Afterburner langt nicht, da Untergrenzen zu hoch. Flashen behagt mir nicht so.



			
				TuttiFrutti schrieb:
			
		

> Warum nicht einfach einen vga- kühler drauf montieren? Wie es mit der garantie aussieht, weiß ich leider nicht.



1. Garantie
2. Zu aufwändig - wenns kaputt ist, darf ich den Kram wieder abmontieren und das dann höchstwahrscheinlich zu einem ungünstigen Zeitpunkt.

Ich weiß, ich bin kompliziert...


----------



## Baer.nap (8. September 2012)

Nicht kompliziert aber einer der leute die

1. nichts ausgeben wollen
2. alles haben wollen

Und nun komm mir nicht mit nem aber! es gibt drölftausend möglichkeiten sich eine kühle karte zu besorgen wenn man bereit ist nen bisl tiefer in die tasche zugreifen


----------



## ile (8. September 2012)

Baer.nap schrieb:
			
		

> Nicht kompliziert aber einer der leute die
> 
> 1. nichts ausgeben wollen
> 2. alles haben wollen
> ...



Was nicht nötig wäre, wenn die Hersteller gleich 0,1 Sone im IDLE (!) hinbekommen, was JEDE Karte verträgt. 300+ Tacken will ich in der Tat nicht ausgeben, das stimmt.


----------



## Baer.nap (8. September 2012)

Liegt  unter anderem auch daran das man nicht nur.fuer den deutschen markt herstellt


----------



## ile (8. September 2012)

Baer.nap schrieb:
			
		

> Liegt  unter anderem auch daran das man nicht nur.fuer den deutschen markt herstellt



Hä? Was hat das damit zu tun?


----------



## TuttiFrutti (10. September 2012)

das hat damit was zu tun, weil es in anderen ländern um einiges wärmer ist.


----------



## ile (11. September 2012)

TuttiFrutti schrieb:
			
		

> das hat damit was zu tun, weil es in anderen ländern um einiges wärmer ist.



Ach so, da sind dann 37 Grad im Idle zu viel?!


----------



## fisch@namenssuche (11. September 2012)
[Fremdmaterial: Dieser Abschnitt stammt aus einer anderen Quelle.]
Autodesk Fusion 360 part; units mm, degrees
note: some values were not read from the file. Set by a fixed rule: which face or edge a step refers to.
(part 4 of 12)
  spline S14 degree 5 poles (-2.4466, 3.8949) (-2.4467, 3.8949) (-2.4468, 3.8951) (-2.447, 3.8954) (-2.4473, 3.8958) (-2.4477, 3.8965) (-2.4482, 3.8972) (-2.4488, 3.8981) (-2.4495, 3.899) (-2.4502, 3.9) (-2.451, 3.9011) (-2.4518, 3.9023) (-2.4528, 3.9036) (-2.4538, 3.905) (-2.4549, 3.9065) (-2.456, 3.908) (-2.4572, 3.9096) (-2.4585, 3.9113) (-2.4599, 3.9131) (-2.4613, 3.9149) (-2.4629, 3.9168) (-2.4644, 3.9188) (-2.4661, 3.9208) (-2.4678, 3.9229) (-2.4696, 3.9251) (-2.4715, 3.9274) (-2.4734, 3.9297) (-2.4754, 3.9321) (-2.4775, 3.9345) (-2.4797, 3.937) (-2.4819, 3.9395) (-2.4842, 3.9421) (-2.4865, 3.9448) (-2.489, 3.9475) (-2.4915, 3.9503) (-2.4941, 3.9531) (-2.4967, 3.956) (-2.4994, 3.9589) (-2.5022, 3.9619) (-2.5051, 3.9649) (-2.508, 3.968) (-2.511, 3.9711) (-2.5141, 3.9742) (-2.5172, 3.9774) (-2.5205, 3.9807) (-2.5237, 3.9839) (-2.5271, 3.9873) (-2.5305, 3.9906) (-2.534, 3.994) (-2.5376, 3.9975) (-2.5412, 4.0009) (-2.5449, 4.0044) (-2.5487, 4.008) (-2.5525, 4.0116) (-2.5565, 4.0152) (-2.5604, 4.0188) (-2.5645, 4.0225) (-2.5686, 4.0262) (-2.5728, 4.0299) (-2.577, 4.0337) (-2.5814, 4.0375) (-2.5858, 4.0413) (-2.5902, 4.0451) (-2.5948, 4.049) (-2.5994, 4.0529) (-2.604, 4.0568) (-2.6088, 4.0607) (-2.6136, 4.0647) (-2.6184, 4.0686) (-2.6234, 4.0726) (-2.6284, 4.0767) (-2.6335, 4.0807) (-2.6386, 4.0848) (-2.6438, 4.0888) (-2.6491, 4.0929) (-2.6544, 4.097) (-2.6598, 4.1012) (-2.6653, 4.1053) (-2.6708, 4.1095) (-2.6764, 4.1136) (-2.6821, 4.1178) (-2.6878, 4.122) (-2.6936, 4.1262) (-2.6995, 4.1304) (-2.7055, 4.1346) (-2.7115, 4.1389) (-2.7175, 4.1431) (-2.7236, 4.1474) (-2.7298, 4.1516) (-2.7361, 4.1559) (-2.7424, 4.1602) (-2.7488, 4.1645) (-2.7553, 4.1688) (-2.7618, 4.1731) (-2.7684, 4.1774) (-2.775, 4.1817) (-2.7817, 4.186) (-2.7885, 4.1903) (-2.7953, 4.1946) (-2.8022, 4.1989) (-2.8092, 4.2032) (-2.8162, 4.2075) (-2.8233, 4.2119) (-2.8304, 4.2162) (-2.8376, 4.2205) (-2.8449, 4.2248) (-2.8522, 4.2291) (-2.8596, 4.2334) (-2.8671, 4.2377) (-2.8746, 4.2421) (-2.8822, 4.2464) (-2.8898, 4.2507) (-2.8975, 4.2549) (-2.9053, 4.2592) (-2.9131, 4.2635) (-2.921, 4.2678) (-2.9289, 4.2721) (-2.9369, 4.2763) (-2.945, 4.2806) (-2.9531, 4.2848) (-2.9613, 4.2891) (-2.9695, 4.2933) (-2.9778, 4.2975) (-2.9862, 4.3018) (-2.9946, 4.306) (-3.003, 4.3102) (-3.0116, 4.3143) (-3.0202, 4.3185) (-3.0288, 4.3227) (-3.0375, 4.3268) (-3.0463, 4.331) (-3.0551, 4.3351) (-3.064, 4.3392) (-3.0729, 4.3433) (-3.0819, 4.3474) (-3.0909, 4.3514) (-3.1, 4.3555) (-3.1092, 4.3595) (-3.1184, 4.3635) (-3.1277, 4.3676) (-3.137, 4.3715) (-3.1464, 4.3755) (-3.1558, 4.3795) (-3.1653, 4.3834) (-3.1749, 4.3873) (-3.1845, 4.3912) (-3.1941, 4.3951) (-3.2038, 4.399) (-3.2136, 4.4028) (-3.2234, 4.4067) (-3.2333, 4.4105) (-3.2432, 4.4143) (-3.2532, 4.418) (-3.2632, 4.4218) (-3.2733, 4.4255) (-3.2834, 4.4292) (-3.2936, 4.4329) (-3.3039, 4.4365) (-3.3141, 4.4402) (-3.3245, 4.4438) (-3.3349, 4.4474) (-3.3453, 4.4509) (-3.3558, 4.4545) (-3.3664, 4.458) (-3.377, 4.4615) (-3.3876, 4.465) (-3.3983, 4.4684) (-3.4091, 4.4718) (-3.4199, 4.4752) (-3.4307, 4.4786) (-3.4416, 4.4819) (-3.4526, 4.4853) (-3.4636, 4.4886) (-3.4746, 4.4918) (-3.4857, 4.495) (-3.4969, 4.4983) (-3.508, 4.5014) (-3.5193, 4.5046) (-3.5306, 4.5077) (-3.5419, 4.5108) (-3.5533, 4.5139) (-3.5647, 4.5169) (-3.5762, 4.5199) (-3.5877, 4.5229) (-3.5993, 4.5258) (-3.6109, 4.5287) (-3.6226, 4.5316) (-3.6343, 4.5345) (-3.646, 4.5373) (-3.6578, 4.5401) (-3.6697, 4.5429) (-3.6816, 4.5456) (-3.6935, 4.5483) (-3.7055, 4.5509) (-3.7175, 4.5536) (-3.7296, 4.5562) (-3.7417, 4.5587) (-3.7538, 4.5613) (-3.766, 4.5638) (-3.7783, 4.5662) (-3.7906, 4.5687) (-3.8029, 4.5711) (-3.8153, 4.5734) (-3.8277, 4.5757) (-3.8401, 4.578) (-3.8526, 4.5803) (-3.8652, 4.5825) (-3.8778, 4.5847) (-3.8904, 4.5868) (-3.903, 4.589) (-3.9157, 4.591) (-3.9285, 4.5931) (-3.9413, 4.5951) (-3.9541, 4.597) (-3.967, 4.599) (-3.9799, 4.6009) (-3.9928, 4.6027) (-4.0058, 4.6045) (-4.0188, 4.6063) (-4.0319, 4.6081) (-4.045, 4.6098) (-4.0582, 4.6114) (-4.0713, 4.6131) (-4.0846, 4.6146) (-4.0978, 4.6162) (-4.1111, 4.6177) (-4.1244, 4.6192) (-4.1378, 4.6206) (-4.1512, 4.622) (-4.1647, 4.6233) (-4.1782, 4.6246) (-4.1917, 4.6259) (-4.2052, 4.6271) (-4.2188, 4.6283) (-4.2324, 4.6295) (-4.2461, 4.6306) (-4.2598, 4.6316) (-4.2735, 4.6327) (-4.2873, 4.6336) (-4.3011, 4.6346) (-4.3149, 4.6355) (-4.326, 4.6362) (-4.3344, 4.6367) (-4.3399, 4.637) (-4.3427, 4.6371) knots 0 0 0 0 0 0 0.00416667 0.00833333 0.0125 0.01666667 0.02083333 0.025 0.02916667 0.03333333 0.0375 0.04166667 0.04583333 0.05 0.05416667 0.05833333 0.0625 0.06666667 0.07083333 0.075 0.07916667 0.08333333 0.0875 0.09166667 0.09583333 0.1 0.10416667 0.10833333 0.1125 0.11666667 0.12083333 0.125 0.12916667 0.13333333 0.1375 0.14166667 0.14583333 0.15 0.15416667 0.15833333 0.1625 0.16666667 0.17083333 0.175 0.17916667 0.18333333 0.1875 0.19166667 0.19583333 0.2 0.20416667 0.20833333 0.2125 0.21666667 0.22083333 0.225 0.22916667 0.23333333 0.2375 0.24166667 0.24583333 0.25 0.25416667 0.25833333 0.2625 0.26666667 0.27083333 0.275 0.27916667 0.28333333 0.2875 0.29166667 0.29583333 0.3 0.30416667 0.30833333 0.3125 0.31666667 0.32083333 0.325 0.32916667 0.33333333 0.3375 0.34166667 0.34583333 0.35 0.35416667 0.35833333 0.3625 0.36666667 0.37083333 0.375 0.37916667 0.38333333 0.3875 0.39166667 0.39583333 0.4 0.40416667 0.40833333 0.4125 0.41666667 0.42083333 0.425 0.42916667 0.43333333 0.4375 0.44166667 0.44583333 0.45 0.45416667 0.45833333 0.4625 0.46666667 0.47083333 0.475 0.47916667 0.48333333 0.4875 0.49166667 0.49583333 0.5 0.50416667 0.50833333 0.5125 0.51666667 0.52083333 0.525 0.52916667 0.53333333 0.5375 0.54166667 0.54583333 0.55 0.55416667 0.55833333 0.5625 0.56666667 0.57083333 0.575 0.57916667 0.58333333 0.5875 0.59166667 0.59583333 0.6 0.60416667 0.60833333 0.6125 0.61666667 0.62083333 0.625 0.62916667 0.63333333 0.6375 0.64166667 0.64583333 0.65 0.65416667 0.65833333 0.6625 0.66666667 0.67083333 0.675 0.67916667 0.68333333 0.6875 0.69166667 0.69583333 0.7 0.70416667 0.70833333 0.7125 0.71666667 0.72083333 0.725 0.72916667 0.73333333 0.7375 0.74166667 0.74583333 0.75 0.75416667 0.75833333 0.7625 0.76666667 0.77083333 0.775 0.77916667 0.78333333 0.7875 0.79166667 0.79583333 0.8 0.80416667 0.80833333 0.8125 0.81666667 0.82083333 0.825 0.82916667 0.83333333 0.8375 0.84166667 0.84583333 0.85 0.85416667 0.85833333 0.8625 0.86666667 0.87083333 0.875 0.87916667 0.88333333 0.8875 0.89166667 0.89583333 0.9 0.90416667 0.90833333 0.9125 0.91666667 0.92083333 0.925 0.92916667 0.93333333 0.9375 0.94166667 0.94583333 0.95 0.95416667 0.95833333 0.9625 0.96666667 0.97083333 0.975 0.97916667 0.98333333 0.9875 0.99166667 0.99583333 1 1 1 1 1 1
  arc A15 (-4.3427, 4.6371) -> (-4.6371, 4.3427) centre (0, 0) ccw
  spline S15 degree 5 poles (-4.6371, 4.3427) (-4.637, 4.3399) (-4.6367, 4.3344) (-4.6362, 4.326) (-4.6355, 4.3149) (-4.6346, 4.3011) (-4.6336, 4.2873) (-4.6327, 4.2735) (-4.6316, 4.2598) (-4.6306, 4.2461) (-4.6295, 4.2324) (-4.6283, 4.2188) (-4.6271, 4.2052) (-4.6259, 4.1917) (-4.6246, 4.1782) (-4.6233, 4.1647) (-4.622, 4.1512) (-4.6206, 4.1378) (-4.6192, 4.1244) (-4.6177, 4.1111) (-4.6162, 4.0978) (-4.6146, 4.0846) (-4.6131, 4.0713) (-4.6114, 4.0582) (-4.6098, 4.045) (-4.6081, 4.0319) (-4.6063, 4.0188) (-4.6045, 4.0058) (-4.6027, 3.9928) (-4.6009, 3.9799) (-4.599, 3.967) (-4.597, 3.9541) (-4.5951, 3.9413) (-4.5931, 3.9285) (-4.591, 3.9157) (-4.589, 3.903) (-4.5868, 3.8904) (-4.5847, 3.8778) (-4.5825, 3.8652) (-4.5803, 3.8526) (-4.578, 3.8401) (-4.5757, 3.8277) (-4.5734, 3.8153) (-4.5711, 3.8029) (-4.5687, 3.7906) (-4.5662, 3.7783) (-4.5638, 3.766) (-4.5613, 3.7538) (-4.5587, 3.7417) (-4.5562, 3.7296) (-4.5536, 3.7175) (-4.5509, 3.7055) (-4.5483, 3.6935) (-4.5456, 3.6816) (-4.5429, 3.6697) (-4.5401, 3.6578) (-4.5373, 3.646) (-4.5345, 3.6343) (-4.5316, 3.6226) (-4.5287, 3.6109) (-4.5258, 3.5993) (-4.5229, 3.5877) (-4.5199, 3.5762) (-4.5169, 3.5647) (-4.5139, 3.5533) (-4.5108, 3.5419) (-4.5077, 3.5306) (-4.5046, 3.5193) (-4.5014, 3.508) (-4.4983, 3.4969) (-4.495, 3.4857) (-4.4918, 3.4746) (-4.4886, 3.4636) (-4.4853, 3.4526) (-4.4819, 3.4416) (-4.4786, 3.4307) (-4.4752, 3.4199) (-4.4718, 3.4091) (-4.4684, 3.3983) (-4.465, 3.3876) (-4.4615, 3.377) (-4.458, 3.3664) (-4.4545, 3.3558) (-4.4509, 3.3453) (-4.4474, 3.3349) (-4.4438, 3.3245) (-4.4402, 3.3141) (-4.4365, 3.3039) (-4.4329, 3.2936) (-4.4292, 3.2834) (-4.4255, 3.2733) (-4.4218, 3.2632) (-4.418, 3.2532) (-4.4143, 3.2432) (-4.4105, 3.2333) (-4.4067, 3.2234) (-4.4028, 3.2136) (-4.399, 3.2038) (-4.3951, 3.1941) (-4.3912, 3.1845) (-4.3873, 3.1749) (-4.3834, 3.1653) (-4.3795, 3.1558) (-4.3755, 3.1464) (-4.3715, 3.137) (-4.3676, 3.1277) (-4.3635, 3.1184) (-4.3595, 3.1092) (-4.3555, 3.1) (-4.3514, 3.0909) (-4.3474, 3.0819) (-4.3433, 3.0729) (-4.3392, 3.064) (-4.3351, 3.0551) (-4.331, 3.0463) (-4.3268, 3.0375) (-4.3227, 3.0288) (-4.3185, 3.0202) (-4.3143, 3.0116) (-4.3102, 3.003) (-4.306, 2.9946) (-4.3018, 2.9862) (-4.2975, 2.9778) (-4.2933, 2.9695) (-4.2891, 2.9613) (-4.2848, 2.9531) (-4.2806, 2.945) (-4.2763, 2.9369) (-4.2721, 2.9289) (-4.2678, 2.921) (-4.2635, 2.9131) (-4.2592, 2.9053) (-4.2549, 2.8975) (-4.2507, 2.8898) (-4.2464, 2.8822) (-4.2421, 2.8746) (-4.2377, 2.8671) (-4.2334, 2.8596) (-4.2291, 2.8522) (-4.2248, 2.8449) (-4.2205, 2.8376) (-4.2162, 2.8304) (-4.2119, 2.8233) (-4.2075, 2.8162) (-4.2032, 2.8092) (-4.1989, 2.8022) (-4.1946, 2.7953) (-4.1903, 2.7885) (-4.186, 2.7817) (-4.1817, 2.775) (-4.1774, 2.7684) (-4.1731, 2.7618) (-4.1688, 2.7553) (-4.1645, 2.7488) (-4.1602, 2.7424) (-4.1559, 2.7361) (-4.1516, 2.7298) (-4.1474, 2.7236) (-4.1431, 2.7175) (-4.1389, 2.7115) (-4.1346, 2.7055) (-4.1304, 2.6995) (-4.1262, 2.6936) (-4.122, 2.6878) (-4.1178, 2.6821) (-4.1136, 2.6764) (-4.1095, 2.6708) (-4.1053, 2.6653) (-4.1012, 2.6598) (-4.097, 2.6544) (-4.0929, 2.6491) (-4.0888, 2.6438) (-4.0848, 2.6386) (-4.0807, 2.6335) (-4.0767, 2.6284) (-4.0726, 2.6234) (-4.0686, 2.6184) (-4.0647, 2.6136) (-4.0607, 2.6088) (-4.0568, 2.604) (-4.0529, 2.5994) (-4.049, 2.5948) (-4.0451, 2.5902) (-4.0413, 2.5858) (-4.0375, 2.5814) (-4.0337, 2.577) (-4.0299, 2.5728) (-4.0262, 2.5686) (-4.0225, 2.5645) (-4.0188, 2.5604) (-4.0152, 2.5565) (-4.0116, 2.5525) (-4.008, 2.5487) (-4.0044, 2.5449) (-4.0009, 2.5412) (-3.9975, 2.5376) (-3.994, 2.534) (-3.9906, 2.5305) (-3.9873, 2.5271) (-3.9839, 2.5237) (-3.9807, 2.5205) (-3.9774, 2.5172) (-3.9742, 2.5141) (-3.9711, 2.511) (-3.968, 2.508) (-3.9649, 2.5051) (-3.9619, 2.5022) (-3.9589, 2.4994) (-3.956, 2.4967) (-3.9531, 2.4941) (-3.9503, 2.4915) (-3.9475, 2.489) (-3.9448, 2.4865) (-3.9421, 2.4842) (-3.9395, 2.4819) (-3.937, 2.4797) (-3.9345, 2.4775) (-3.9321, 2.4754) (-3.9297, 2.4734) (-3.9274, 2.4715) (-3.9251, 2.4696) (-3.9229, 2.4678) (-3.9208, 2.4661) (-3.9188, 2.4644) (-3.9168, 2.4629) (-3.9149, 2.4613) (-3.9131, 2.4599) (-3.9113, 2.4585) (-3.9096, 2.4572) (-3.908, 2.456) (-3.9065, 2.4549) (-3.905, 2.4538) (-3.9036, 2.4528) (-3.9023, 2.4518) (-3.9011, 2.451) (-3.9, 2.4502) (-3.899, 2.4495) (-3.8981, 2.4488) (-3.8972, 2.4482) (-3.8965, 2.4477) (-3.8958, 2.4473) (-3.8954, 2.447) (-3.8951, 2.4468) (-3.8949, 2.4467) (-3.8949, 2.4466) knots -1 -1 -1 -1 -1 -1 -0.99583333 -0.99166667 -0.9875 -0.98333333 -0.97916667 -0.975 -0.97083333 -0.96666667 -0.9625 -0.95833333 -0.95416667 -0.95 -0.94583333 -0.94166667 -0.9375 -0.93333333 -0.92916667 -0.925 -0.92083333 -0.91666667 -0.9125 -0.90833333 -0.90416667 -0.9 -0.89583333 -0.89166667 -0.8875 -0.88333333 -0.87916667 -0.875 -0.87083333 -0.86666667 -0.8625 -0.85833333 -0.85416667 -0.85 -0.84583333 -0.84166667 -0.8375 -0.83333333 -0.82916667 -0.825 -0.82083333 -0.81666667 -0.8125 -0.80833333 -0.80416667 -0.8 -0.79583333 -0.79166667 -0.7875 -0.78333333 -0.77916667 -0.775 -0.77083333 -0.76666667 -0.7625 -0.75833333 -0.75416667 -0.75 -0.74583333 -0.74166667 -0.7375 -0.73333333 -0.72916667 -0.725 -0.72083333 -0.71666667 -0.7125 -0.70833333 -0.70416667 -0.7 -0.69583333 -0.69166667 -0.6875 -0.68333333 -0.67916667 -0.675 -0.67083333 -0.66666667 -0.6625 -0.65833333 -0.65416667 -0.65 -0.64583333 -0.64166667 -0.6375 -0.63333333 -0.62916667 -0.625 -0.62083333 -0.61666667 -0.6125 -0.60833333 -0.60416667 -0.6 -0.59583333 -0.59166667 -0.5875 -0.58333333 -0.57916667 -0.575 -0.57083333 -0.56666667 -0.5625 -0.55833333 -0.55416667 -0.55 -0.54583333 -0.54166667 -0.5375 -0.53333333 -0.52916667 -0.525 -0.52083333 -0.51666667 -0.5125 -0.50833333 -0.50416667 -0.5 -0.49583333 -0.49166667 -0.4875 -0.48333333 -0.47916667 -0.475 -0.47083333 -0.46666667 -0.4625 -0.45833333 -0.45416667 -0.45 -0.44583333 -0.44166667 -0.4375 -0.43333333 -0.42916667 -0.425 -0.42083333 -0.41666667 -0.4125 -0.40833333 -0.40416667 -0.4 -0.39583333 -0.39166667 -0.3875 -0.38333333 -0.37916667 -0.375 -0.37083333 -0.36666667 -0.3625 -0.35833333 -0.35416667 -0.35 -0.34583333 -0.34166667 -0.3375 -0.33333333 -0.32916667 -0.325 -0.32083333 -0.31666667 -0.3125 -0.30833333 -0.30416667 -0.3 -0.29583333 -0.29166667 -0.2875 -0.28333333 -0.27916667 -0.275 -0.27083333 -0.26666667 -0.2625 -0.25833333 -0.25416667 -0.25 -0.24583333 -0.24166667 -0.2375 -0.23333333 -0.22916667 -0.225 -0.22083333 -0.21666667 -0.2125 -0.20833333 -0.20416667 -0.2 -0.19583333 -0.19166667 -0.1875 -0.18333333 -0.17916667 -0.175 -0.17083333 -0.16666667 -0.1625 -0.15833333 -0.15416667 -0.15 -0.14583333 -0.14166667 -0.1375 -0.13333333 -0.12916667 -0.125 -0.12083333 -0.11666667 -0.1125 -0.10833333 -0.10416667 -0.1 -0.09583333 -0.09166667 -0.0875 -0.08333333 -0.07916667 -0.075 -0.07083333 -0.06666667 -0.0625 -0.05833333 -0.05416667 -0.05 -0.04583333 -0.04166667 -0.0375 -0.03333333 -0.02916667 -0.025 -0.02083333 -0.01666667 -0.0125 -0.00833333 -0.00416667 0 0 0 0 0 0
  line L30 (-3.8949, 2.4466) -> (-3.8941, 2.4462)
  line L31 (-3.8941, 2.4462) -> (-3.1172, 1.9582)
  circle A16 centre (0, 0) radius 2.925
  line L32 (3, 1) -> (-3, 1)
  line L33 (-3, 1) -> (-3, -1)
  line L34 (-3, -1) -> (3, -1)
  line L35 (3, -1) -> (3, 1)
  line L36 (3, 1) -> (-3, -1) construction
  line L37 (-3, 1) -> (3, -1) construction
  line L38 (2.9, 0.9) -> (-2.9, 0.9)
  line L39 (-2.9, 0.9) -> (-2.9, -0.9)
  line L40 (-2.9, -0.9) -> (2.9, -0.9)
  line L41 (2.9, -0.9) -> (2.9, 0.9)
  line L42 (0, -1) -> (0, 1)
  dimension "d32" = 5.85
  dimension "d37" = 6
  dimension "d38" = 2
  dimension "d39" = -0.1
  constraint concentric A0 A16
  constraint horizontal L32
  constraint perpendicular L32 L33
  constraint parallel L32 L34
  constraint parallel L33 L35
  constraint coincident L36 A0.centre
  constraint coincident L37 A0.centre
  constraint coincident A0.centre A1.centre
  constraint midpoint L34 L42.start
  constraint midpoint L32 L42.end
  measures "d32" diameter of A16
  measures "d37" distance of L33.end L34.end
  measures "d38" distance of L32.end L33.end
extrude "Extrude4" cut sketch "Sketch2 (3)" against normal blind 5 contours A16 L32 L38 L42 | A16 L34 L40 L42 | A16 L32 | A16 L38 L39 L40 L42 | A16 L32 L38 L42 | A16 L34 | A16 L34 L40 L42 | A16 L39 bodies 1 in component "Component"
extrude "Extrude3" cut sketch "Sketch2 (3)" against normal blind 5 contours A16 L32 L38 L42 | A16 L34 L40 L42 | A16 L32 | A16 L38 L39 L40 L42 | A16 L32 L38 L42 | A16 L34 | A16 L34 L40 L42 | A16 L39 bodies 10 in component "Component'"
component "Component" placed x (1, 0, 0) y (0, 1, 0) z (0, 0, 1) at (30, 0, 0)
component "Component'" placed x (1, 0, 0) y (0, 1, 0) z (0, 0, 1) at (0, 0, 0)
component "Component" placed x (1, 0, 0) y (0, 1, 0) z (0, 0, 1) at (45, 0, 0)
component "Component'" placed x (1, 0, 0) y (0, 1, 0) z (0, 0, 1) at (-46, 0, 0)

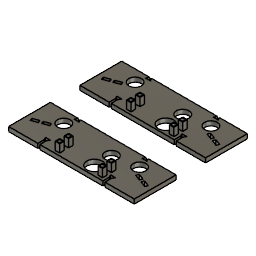
design "card-shuffler-side-plates"
part number: 2026-07-14-13-37-18-342
part number: 2026-07-29-15-30-40-937
Autodesk Fusion 360 part; units mm, degrees
sketch "Sketch1" plane through (0, 0, 0) normal (0, 0, 1) x (1, 0, 0)
  line L0 (0, 0) -> (81, 0)
  line L1 (81, 0) -> (81, 103)
  line L2 (81, 103) -> (0, 103)
  line L3 (0, 103) -> (0, 0)
  line L4 (76, 98) -> (5, 98)
  line L5 (5, 98) -> (5, 5)
  line L6 (5, 5) -> (76, 5)
  line L7 (76, 5) -> (76, 98)
  line L8 (76, 98) -> (5, 5) construction
  line L9 (5, 98) -> (76, 5) construction
  line L10 (81, 0) -> (111, 0)
  line L11 (111, 0) -> (111, 5)
  line L12 (111, 5) -> (81, 5)
  line L13 (81, 5) -> (81, 0)
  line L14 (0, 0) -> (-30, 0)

Mechanisches Problem: Die meisten Lüfter lassen sich meist nur zwischen 25 und 100 Prozent Drehzahl regeln (wenn überhaupt).
Ist das gesamte Drehzahlspektrum auf hohe Leistung ausgelegt, liegt auch im Idle eine vergleichsweise hohe Drehzahl an, es geht dann einfach nicht leiser.

OC-Potential und niedrige Temperaturen werden meist höher gewichtet als richtige Laufruhe.
Bei den meisten Leuten sind die Ansprüche auch nicht so hoch  (120mm Lüfter sind bei 1000 RPM+ "unhörbar" und ähnliche Scherze)...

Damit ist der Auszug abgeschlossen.